## WORK INSTRUCTIONS
Within the data below, tally the lines that contain "linetype" and state only the total.

## SUPPLIED ENTRIES
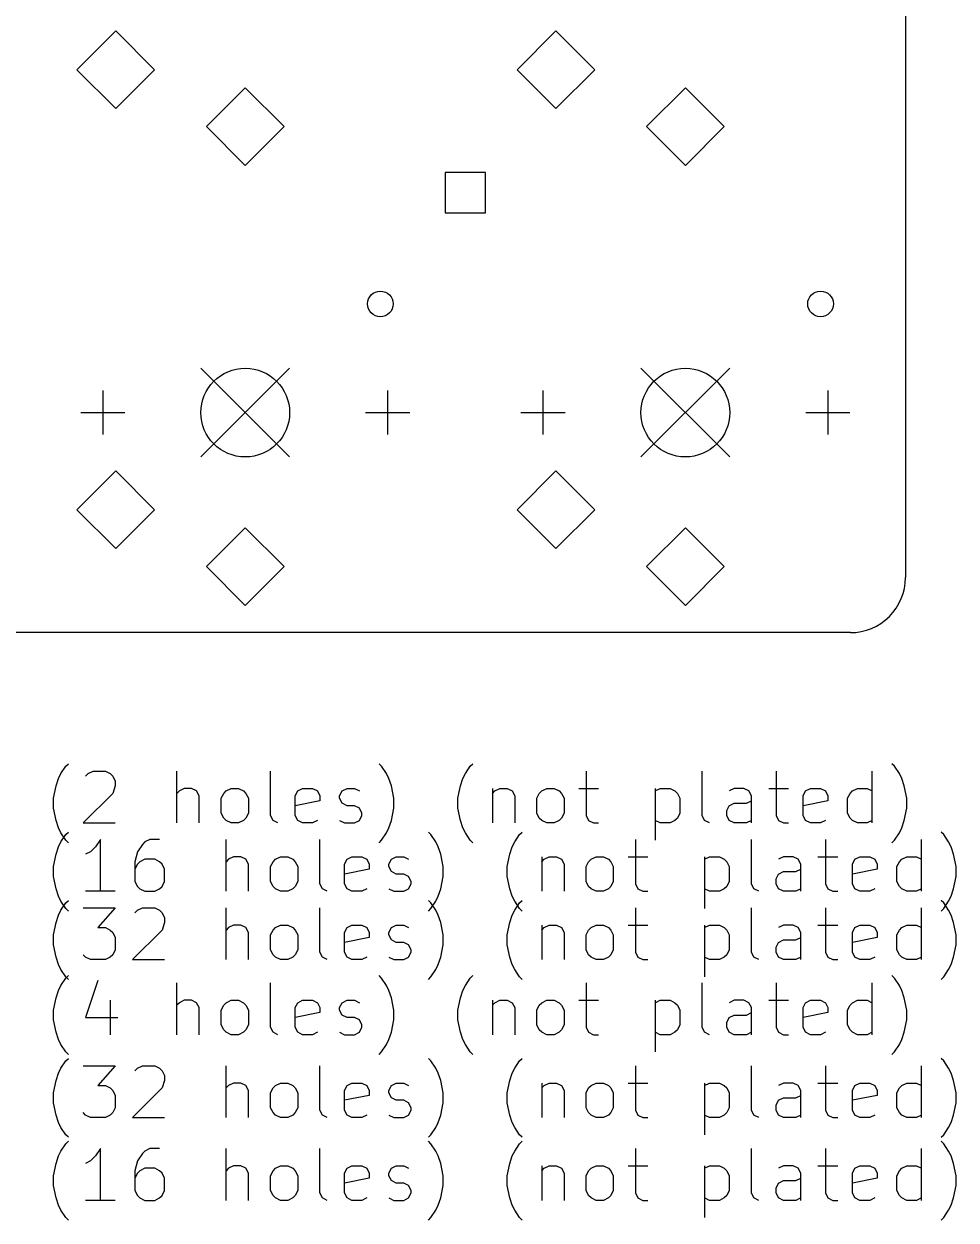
# Model space of a CAD drawing. Extents: x 72.3 to 144.3, y -105.6 to -13.5.
# Drawn here: x 108.33 to 144.33, y -105.57 to -59.36 of the extents above; entities that cross this region are included whole.
import ezdxf

# ---------------------------------------------------------------- set-up
doc = ezdxf.new("R2010")
doc.units = 0
doc.layers.add('BLACK', color=7, linetype='CONTINUOUS')

msp = doc.modelspace()

# ---------------------------------------------------------------- linework, layer by layer
at = {"layer": 'BLACK', "linetype": 'CONTINUOUS'}
for p, q in [((142.375, -17), (142.375, -80.75)), ((111.875, -59.625), (110.375, -61.125)), ((113.375, -61.125), (111.875, -59.625)), ((128.875, -59.625), (127.375, -61.125)), ((130.375, -61.125), (128.875, -59.625)), ((110.375, -61.125), (111.875, -62.625)), ((111.875, -62.625), (113.375, -61.125)), ((127.375, -61.125), (128.875, -62.625)), ((128.875, -62.625), (130.375, -61.125)), ((116.875, -61.825), (115.375, -63.325)), ((118.375, -63.325), (116.875, -61.825)), ((133.875, -61.825), (132.375, -63.325)), ((135.375, -63.325), (133.875, -61.825)), ((115.375, -63.325), (116.875, -64.825)), ((116.875, -64.825), (118.375, -63.325)), ((132.375, -63.325), (133.875, -64.825)), ((133.875, -64.825), (135.375, -63.325)), ((126.153, -65.0971), (124.597, -65.0971)), ((124.597, -65.0971), (124.597, -66.6528)), ((126.153, -66.6528), (126.153, -65.0971)), ((124.597, -66.6528), (126.153, -66.6528)), ((115.16, -72.6605), (118.589, -76.0895)), ((118.589, -72.6605), (115.16, -76.0895)), ((132.16, -72.6605), (135.589, -76.0895)), ((135.589, -72.6605), (132.16, -76.0895)), ((111.375, -73.5241), (111.375, -75.2259)), ((122.375, -73.5241), (122.375, -75.2259)), ((128.375, -73.5241), (128.375, -75.2259)), ((139.375, -73.5241), (139.375, -75.2259)), ((110.524, -74.375), (112.226, -74.375)), ((121.524, -74.375), (123.226, -74.375)), ((127.524, -74.375), (129.226, -74.375)), ((138.524, -74.375), (140.226, -74.375)), ((111.875, -76.625), (110.375, -78.125)), ((113.375, -78.125), (111.875, -76.625)), ((128.875, -76.625), (127.375, -78.125)), ((130.375, -78.125), (128.875, -76.625)), ((110.375, -78.125), (111.875, -79.625)), ((111.875, -79.625), (113.375, -78.125)), ((127.375, -78.125), (128.875, -79.625)), ((128.875, -79.625), (130.375, -78.125)), ((116.875, -78.825), (115.375, -80.325)), ((118.375, -80.325), (116.875, -78.825)), ((133.875, -78.825), (132.375, -80.325)), ((135.375, -80.325), (133.875, -78.825)), ((115.375, -80.325), (116.875, -81.825)), ((116.875, -81.825), (118.375, -80.325)), ((132.375, -80.325), (133.875, -81.825)), ((133.875, -81.825), (135.375, -80.325)), ((140.25, -82.875), (75.7916, -82.875)), ((109.758, -88.325), (109.949, -88.0392)), ((109.949, -88.0392), (110.044, -87.944)), ((110.806, -88.325), (110.996, -88.2297)), ((110.996, -88.2297), (111.473, -88.2297)), ((111.473, -88.2297), (111.663, -88.325)), ((114.234, -90.2297), (114.234, -88.2297)), ((117.854, -89.944), (117.854, -88.2297)), ((122.139, -88.0392), (122.044, -87.944)), ((122.33, -88.325), (122.139, -88.0392)), ((125.377, -88.325), (125.568, -88.0392)), ((125.568, -88.0392), (125.663, -87.944)), ((130.044, -88.2297), (130.044, -89.944)), ((134.52, -89.944), (134.52, -88.2297)), ((137.377, -88.2297), (137.377, -89.944)), ((141.092, -90.2297), (141.092, -88.2297)), ((141.949, -88.0392), (141.854, -87.944)), ((142.139, -88.325), (141.949, -88.0392)), ((109.568, -88.8012), (109.663, -88.5154)), ((109.663, -88.5154), (109.758, -88.325)), ((110.711, -88.4202), (110.806, -88.325)), ((111.663, -88.325), (111.758, -88.4202)), ((111.758, -88.4202), (111.854, -88.6107)), ((111.854, -88.6107), (111.854, -88.8012)), ((122.425, -88.5154), (122.33, -88.325)), ((122.52, -88.8012), (122.425, -88.5154)), ((125.187, -88.8012), (125.282, -88.5154)), ((125.282, -88.5154), (125.377, -88.325)), ((142.234, -88.5154), (142.139, -88.325)), ((142.33, -88.8012), (142.234, -88.5154)), ((109.473, -89.2773), (109.568, -88.8012)), ((111.758, -89.0869), (110.615, -90.2297)), ((111.854, -88.8012), (111.758, -89.0869)), ((114.33, -88.9916), (114.234, -89.0869)), ((114.52, -88.8964), (114.33, -88.9916)), ((114.806, -88.8964), (114.52, -88.8964)), ((114.996, -88.9916), (114.806, -88.8964)), ((115.092, -89.1821), (114.996, -88.9916)), ((115.092, -90.2297), (115.092, -89.1821)), ((115.949, -89.2773), (116.044, -89.0869)), ((116.044, -89.0869), (116.139, -88.9916)), ((116.139, -88.9916), (116.33, -88.8964)), ((116.33, -88.8964), (116.615, -88.8964)), ((116.615, -88.8964), (116.806, -88.9916)), ((116.806, -88.9916), (116.901, -89.0869)), ((116.901, -89.0869), (116.996, -89.2773)), ((118.806, -89.1821), (118.901, -88.9916)), ((118.806, -89.944), (118.806, -89.1821)), ((118.901, -88.9916), (119.092, -88.8964)), ((119.092, -88.8964), (119.473, -88.8964)), ((119.473, -88.8964), (119.663, -88.9916)), ((119.663, -88.9916), (119.758, -89.1821)), ((119.758, -89.1821), (119.758, -89.3726)), ((120.52, -89.1821), (120.615, -88.9916)), ((120.52, -89.2773), (120.52, -89.1821)), ((120.615, -88.9916), (120.806, -88.8964)), ((120.806, -88.8964), (121.092, -88.8964)), ((121.092, -88.8964), (121.282, -88.9916)), ((122.615, -89.2773), (122.52, -88.8012)), ((125.092, -89.2773), (125.187, -88.8012)), ((126.425, -88.8964), (126.425, -90.2297)), ((126.425, -89.0869), (126.52, -88.9916)), ((126.52, -88.9916), (126.711, -88.8964)), ((126.711, -88.8964), (126.996, -88.8964)), ((126.996, -88.8964), (127.187, -88.9916)), ((127.187, -88.9916), (127.282, -89.1821)), ((127.282, -89.1821), (127.282, -90.2297)), ((128.139, -89.2773), (128.234, -89.0869)), ((128.234, -89.0869), (128.33, -88.9916)), ((128.33, -88.9916), (128.52, -88.8964)), ((128.52, -88.8964), (128.806, -88.8964)), ((128.806, -88.8964), (128.996, -88.9916)), ((128.996, -88.9916), (129.092, -89.0869)), ((129.092, -89.0869), (129.187, -89.2773)), ((129.758, -88.8964), (130.52, -88.8964)), ((132.711, -88.8964), (132.711, -90.8964)), ((132.711, -88.9916), (132.901, -88.8964)), ((132.901, -88.8964), (133.282, -88.8964)), ((133.282, -88.8964), (133.473, -88.9916)), ((133.473, -88.9916), (133.568, -89.0869)), ((133.568, -89.0869), (133.663, -89.2773)), ((135.758, -88.8964), (135.568, -88.9916)), ((136.139, -88.8964), (135.758, -88.8964)), ((136.33, -88.9916), (136.139, -88.8964)), ((136.425, -89.1821), (136.33, -88.9916)), ((136.425, -90.2297), (136.425, -89.1821)), ((137.092, -88.8964), (137.854, -88.8964)), ((138.425, -89.1821), (138.52, -88.9916)), ((138.425, -89.944), (138.425, -89.1821)), ((138.52, -88.9916), (138.711, -88.8964)), ((138.711, -88.8964), (139.092, -88.8964)), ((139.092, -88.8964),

## OUTPUT FOR THIS TASK
2